I know a bunch of stuff has changed with the register allocator, but has live range splitting been enabled yet?

1ba3d143-a64b-4671-82b2-0b31cfb91709 commented 13 years ago

I believe most cheap-as-a-move instructions are rematerializable, so that would effectively disable the heuristic.

Evan added these heuristics in r98121 because CSE was causing regressions:

Note these are heuristics so machine cse doesn't make register allocator unhappy. Once we have proper live range splitting and re-materialization support in place, these should be evaluated again. Now machine cse is almost always a win on llvm nightly tests on x86 and x86_64.

I agree this should be revisited when live range splitting is enabled.

You are right that this instruction would be rematerialized, but only if it is selected for spilling. The CSE'ed live range would get a low spill weight initially, but I can imagine cases where coalescing would bump up the weight because of two-address instructions.

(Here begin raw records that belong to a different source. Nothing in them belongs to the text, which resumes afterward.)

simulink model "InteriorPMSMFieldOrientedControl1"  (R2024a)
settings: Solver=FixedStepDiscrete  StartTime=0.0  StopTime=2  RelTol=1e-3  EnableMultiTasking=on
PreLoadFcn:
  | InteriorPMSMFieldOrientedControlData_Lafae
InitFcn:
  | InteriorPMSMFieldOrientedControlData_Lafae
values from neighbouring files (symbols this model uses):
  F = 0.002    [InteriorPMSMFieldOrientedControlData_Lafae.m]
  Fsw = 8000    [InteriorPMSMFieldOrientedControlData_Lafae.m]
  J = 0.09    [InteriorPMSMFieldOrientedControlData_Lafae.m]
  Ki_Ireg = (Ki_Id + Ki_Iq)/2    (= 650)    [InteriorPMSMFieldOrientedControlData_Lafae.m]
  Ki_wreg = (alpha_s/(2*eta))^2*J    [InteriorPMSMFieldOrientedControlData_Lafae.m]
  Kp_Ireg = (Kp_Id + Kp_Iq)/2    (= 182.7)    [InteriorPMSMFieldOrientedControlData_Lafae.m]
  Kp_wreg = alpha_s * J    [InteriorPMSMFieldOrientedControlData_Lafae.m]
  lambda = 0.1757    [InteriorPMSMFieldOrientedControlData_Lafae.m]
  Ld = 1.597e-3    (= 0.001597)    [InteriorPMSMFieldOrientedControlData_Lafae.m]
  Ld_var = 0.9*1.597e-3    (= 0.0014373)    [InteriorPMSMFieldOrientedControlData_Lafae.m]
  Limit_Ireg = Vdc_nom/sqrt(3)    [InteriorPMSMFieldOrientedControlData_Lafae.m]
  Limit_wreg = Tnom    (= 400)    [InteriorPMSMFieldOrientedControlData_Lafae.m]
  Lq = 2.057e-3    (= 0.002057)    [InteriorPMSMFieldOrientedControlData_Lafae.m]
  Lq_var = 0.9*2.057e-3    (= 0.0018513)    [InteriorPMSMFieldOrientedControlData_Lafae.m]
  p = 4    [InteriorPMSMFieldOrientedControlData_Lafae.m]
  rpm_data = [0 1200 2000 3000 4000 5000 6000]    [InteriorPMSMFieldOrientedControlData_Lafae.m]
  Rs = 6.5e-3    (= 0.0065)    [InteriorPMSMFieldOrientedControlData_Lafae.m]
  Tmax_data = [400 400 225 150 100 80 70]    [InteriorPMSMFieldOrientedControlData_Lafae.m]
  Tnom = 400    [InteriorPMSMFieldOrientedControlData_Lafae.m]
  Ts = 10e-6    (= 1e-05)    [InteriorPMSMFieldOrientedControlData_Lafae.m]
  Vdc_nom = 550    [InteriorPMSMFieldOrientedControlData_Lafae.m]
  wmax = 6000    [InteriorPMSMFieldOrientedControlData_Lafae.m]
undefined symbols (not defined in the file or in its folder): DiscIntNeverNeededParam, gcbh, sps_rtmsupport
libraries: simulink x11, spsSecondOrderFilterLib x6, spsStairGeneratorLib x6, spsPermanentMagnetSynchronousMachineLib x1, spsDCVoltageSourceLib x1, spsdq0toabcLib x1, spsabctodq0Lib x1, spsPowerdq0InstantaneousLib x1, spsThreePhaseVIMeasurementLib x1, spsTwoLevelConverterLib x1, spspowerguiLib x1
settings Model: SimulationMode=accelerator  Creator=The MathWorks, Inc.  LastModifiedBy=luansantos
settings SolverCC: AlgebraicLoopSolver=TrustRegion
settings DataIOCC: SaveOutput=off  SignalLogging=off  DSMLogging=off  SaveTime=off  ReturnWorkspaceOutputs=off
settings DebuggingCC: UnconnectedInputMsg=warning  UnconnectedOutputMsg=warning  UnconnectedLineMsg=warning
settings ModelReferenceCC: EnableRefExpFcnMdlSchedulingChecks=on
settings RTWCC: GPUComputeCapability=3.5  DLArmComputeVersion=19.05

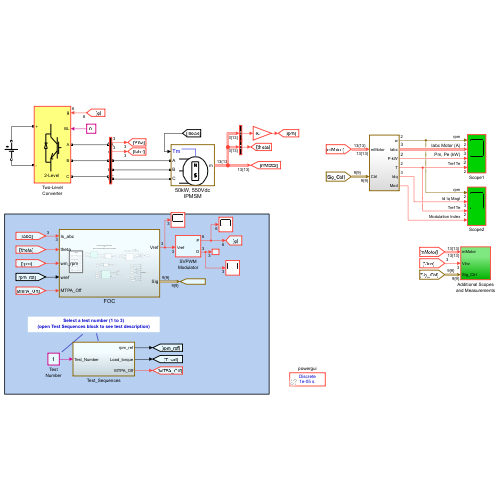
[thumbnail: Simulink's stored preview of the top-level diagram]
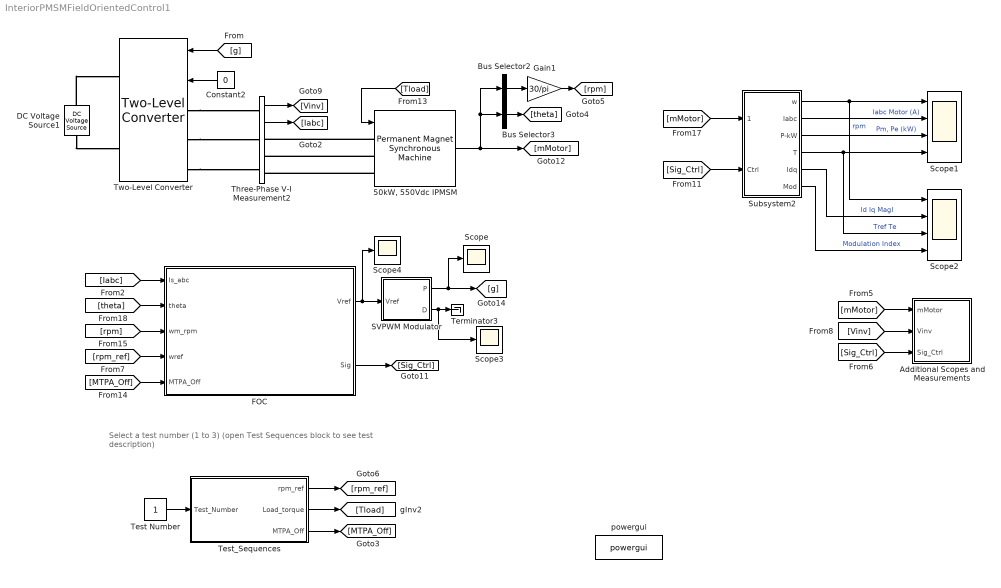
== system InteriorPMSMFieldOrientedControl1 ==
  note: Select a test number (1 to 3)
      | (open Test Sequences block to see test description)
  "50kW, 550Vdc IPMSM" : spsPermanentMagnetSynchronousMachineLib/Permanent Magnet Synchronous Machine  NbPhases=3  FluxDistribution=Sinusoidal  RotorType=Salient-pole  MechanicalLoad=Torque Tm  PresetModel=No  ShowDetailedParameters=on  MeasurementBus=off  Resistance=Rs  Inductance=8.5e-3  dqInductances=[Ld_var, Lq_var]  La=0.005/2  MachineConstant=Flux linkage established by magnets (V.s)  Flux=lambda_var  VoltageCst=127.4738  TorqueCst=1.0542  Flat=120  Mechanical=[J F p 0]  PolePairs=4  InitialConditions=[0,0, 0,0]  InitialConditions5ph=[0 0 0 0 0 0]  RefAngle=90 degrees behind phase A axis (modified Park)  IterativeDiscreteModel=Trapezoidal robust  TsBlock=Ts  TsPowergui=0
  Additional Scopes and Measurements : Subsystem
  Bus Selector2 : BusSelector  OutputSignals=Rotor speed wm (rad/s)  OutputAsBus=on
  Bus Selector3 : BusSelector  OutputSignals=Rotor angle thetam (rad)  OutputAsBus=on
  Constant2 : Constant  Value=0
  DC Voltage Source1 : spsDCVoltageSourceLib/DC Voltage Source  Amplitude=Vdc_nom  Measurements=None
  FOC : Subsystem
  Gain1 : Gain  Gain=30/pi
  SVPWM Modulator : Subsystem  DialogController=POWERSYS.PowerSysDialog  LoadFcn=sps_rtmsupport('LoadFcn', gcbh);  StartFcn=sps_rtmsupport('StartFcn', gcbh);  StopFcn=sps_rtmsupport('StopFcn', gcbh);  mask(Unified PWM Modulator for a 2-level, 3-phase converter){PWMmethod=Space Vector PWM (SVPWM) with pulse averaging, Fsw=Fsw, Ts=Ts}
      mask prompts: PWMmethod "PWM method"; Fsw "Switching frequency (Hz):"; Ts "Sample time (s):"
      mask help:
      | Generate pulses for PWM-controlled two-level, three-phase power electronics converter with pulse averaging capability.
      |
      | The pulses generation can be perform using one of the following Pulse-Width Modulation (PWM) methods:
      | 1. Sinusoidal PWM (SPWM)
      | 2. Sinusoidal PWM (SPWM) with pulse averaging
      | 3. Space Vector PWM (SVPWM)
      | 4. Space Vector PWM (SVPWM) with pulse averaging
      | 5. 30 degrees discontinuous PWM
      |
      | When a PWM method with pulse averaging is selected, the output pulses are averaged over one sample time. (Pulses value will range from 0 to 1)
      mask init:
      | switch PWMmethod
      |     case 1 % SPWM
      |         ZeroOrderHold_Ts=-1;
      |         Pavg=0;
      |     case 2 % SPWM with pulse averaging
      |         ZeroOrderHold_Ts=-1;
      |         Pavg=1;
      |     case 3  % SVPWM
      |         ZeroOrderHold_Ts=-1;
      |         Pavg=0;
      |     case 4  % SVPWM with pulse averaging
      |         ZeroOrderHold_Ts=-1;
      |         Pavg=1;
      |     case 5  % 30 degrees discontinuous PWM
      |         ZeroOrderHold_Ts=1/Fsw/2;
      |         Pavg=0;
      | end
      settings: CopyFcn=sps_rtmsupport('CopyFcn', gcbh);  DeleteFcn=sps_rtmsupport('DeleteFcn', gcbh);  UndoDeleteFcn=sps_rtmsupport('UndoDeleteFcn', gcbh);  ModelCloseFcn=sps_rtmsupport('ModelCloseFcn', gcbh);  PreSaveFcn=sps_rtmsupport('PreSaveFcn', gcbh);  PostSaveFcn=sps_rtmsupport('PostSaveFcn', gcbh);  NameChangeFcn=sps_rtmsupport('NameChangeFcn', gcbh);  PreCopyFcn=sps_rtmsupport('PreCopyFcn', gcbh);  OpenFcn=sps_rtmsupport('OpenFcn', gcbh, [1]);  CloseFcn=sps_rtmsupport('CloseFcn', gcbh);  PreDeleteFcn=sps_rtmsupport('PreDeleteFcn', gcbh);
      mask TypeOptions PWMmethod: Sinusoidal PWM (SPWM) | Sinusoidal PWM (SPWM) wirh pulse averaging | Space Vector PWM (SVPWM) | Space Vector PWM (SVPWM) with pulse averaging | 30 degrees discontinuous PWM
  Scope : Scope
  Scope1 : Scope  NumInputPorts=4
  Scope2 : Scope  NumInputPorts=4
  Scope3 : Scope
  Scope4 : Scope
  Subsystem2 : Subsystem
  Terminator3 : Terminator
  Test Number : Constant
  Test_Sequences : Subsystem
  Three-Phase V-I Measurement2 : spsThreePhaseVIMeasurementLib/Three-Phase V-I Measurement  VoltageMeasurement=phase-to-phase  SetLabelV=off  LabelV=Vabc  Vpu=off  VpuLL=off  CurrentMeasurement=yes  SetLabelI=off  LabelI=Iabc  Ipu=off  Pbase=100e6  Vbase=500e3  OutputType=Complex  PhasorSimulation=off  PSBequivalent=0
  Two-Level Converter : spsTwoLevelConverterLib/Two-Level Converter  ModelType=Switching function  Ron=1e-3  Rs=1e6  Cs=inf  Vforward=[0,0]  Ron_Diode=1e-3  Rs_Diode=1e6  Cs_Diode=inf  Vf_Diode=0  Rs_CurrentSource=inf  Ron_ACsource=1e-3
  powergui : spspowerguiLib/powergui  SimulationMode=Discrete  SampleTime=Ts  frequency=60  Iterations=50  frequencyindice=0  Pbase=100e6  ErrMax=1e-4  UnitsV=kV  UnitsW=MW  buscounter=0  FunctionMessages=off  echomessages=off  EnableUseOfTLC=off  CurrentSourceSwitches=off  DisableSnubberDevices=off  DisableRonSwitches=off  DisableVfSwitches=off  DisplayEquations=off  AutomaticDiscreteSolvers=off  SolverType=Tustin  Interpol=off  ExternalGateDelay=off  methode=off  Ts=0  x0status=blocks  SPID=off  SwTol=0  HookPort=off  NonlinearTolerance=1e-4  nMaxIteration=100  ContinueOnMaxIteration=off  RestoreLinks=warning  ResistiveCurrentMeasurement=off  Frange=[0:2:500]  Ylog=off  Xlog=on  ShowGrid=off  save=off  variable=ZData  structure=ScopeData3  ZoomFFT=off  StartTime=0.95  cycles=1  DisplayStyle=1  fundamental=166.67  FreqAxis=off  MaxFrequency=20000  frequencyindicesteady=1  RmsSteady=1  display=off
  wires:
  [Iabc] -> FOC/1(Is_abc)
  Gain1/1 -> [rpm]
  "50kW, 550Vdc IPMSM"/1 -> [mMotor], Bus Selector3/1, Bus Selector2/1
  Test Number/1 -> Test_Sequences/1(Test_Number)
  Test_Sequences/2(Load_torque) -> [Tload]
  [MTPA_Off] -> FOC/5(MTPA_Off)
  SVPWM Modulator/1(P) -> Scope/1, [g]
  [theta] -> FOC/2(theta)
  Constant2/1 -> Two-Level Converter/2
  FOC/2(Sig) -> [Sig_Ctrl]
  Test_Sequences/1(rpm_ref) -> [rpm_ref]
  [mMotor] -> Subsystem2/1(mMotor)
  [rpm] -> FOC/3(wm_rpm)
  SVPWM Modulator/2(D) -> Scope3/1, Terminator3/1
  Subsystem2/3(P-kW) -> Scope1/3  "Pm, Pe (kW)"
  Bus Selector2/1 -> Gain1/1
  FOC/1(Vref) -> Scope4/1, SVPWM Modulator/1(Vref)
  [rpm_ref] -> FOC/4(wref)
  Three-Phase V-I Measurement2/2 -> [Iabc]
  [Sig_Ctrl] -> Subsystem2/2(Ctrl)
  Three-Phase V-I Measurement2/1 -> [Vinv]
  Bus Selector3/1 -> [theta]
  [g] -> Two-Level Converter/1
  Subsystem2/2(Iabc) -> Scope1/2  "Iabc Motor (A)"
  Test_Sequences/3(MTPA_Off) -> [MTPA_Off]
  Subsystem2/1(w) -> Scope1/1, Scope2/1  "rpm"
  Subsystem2/5(Idq) -> Scope2/2  "Id Iq MagI"
  Subsystem2/4(T) -> Scope1/4, Scope2/3  "Tref Te"
  [Vinv] -> Additional Scopes and Measurements/2(Vinv)
  [mMotor] -> Additional Scopes and Measurements/1(mMotor)
  [Sig_Ctrl] -> Additional Scopes and Measurements/3(Sig_Ctrl)
  Subsystem2/6(Mod) -> Scope2/4  "Modulation Index"
  [Tload] -> "50kW, 550Vdc IPMSM"/1
  connections:
  DC Voltage Source1/LConn1 -- Two-Level Converter/RConn2
  Two-Level Converter/LConn2 -- Three-Phase V-I Measurement2/LConn2
  Two-Level Converter/LConn1 -- Three-Phase V-I Measurement2/LConn1
  DC Voltage Source1/RConn1 -- Two-Level Converter/RConn1
  "50kW, 550Vdc IPMSM"/LConn2 -- Three-Phase V-I Measurement2/RConn2
  Two-Level Converter/LConn3 -- Three-Phase V-I Measurement2/LConn3
  "50kW, 550Vdc IPMSM"/LConn1 -- Three-Phase V-I Measurement2/RConn1
  "50kW, 550Vdc IPMSM"/LConn3 -- Three-Phase V-I Measurement2/RConn3

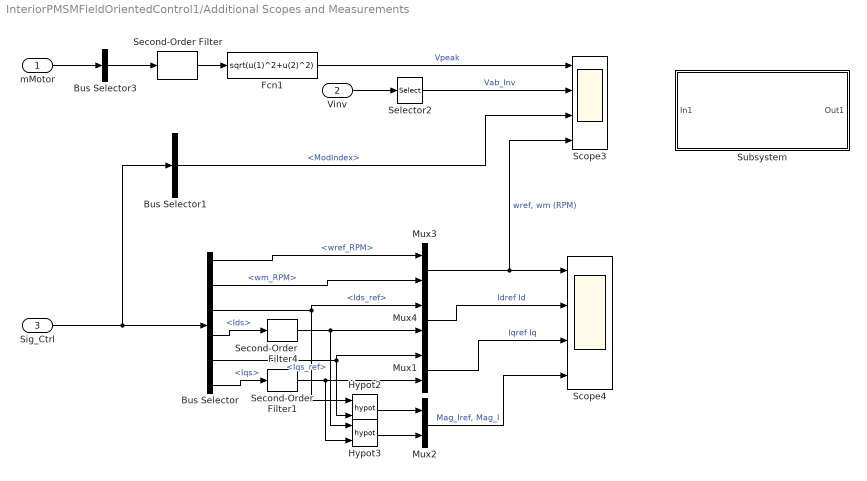
== system InteriorPMSMFieldOrientedControl1/Additional Scopes and Measurements ==
  mMotor : Inport
  Vinv : Inport  Port=2
  Sig_Ctrl : Inport  Port=3
  Bus Selector : BusSelector  OutputSignals=wref_RPM,wm_RPM,Ids_ref,Ids,Iqs_ref,Iqs
  Bus Selector1 : BusSelector  OutputSignals=ModIndex
  Bus Selector3 : BusSelector  OutputSignals=Stator voltage Vs_d (V),Stator voltage Vs_q (V)  OutputAsBus=on
  Fcn1 : Fcn  Expr=sqrt(u(1)^2+u(2)^2)
  Hypot2 : Math  Operator=hypot
  Hypot3 : Math  Operator=hypot
  Mux{1..4} (4 alike) : Mux  Inputs=2
  Scope3 : Scope  NumInputPorts=4
  Scope4 : Scope  NumInputPorts=4
  Second-Order Filter : spsSecondOrderFilterLib/Second-Order Filter  FilterType=Lowpass  Fo=120  Zeta=1  Ts=Ts  Initialize=off  Vac_Init="[0,  0,  60]"  Vdc_Init=0  PlotResponse=off  FreqRange=[0, 500, 1]
  Second-Order Filter1 : spsSecondOrderFilterLib/Second-Order Filter  FilterType=Lowpass  Fo=80  Zeta=1  Ts=Ts  Initialize=off  Vac_Init="[0,  0,  60]"  Vdc_Init=0  PlotResponse=off  FreqRange=[0, 500, 1]
  Second-Order Filter4 : spsSecondOrderFilterLib/Second-Order Filter  FilterType=Lowpass  Fo=80  Zeta=1  Ts=Ts  Initialize=off  Vac_Init="[0,  0,  60]"  Vdc_Init=0  PlotResponse=off  FreqRange=[0, 500, 1]
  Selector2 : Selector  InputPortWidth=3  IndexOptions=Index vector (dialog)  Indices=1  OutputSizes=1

lattner commented 13 years ago

We can already remat this instruction IIUC, should the heuristic explicitly allow rematable instructions that are as cheap as a move?

1ba3d143-a64b-4671-82b2-0b31cfb91709 commented 13 years ago

From MachineCSE:

// Heuristics #​1: Don't CSE "cheap" computation if the def is not local or in // an immediate predecessor. We don't want to increase register pressure and // end up causing other computation to be spilled. if (MI->getDesc().isAsCheapAsAMove()) { MachineBasicBlock CSBB = CSMI->getParent(); MachineBasicBlock BB = MI->getParent(); if (CSBB != BB && !CSBB->isSuccessor(BB)) return false; }

Once the register allocator learns to undo CSE, we can enable this optimization.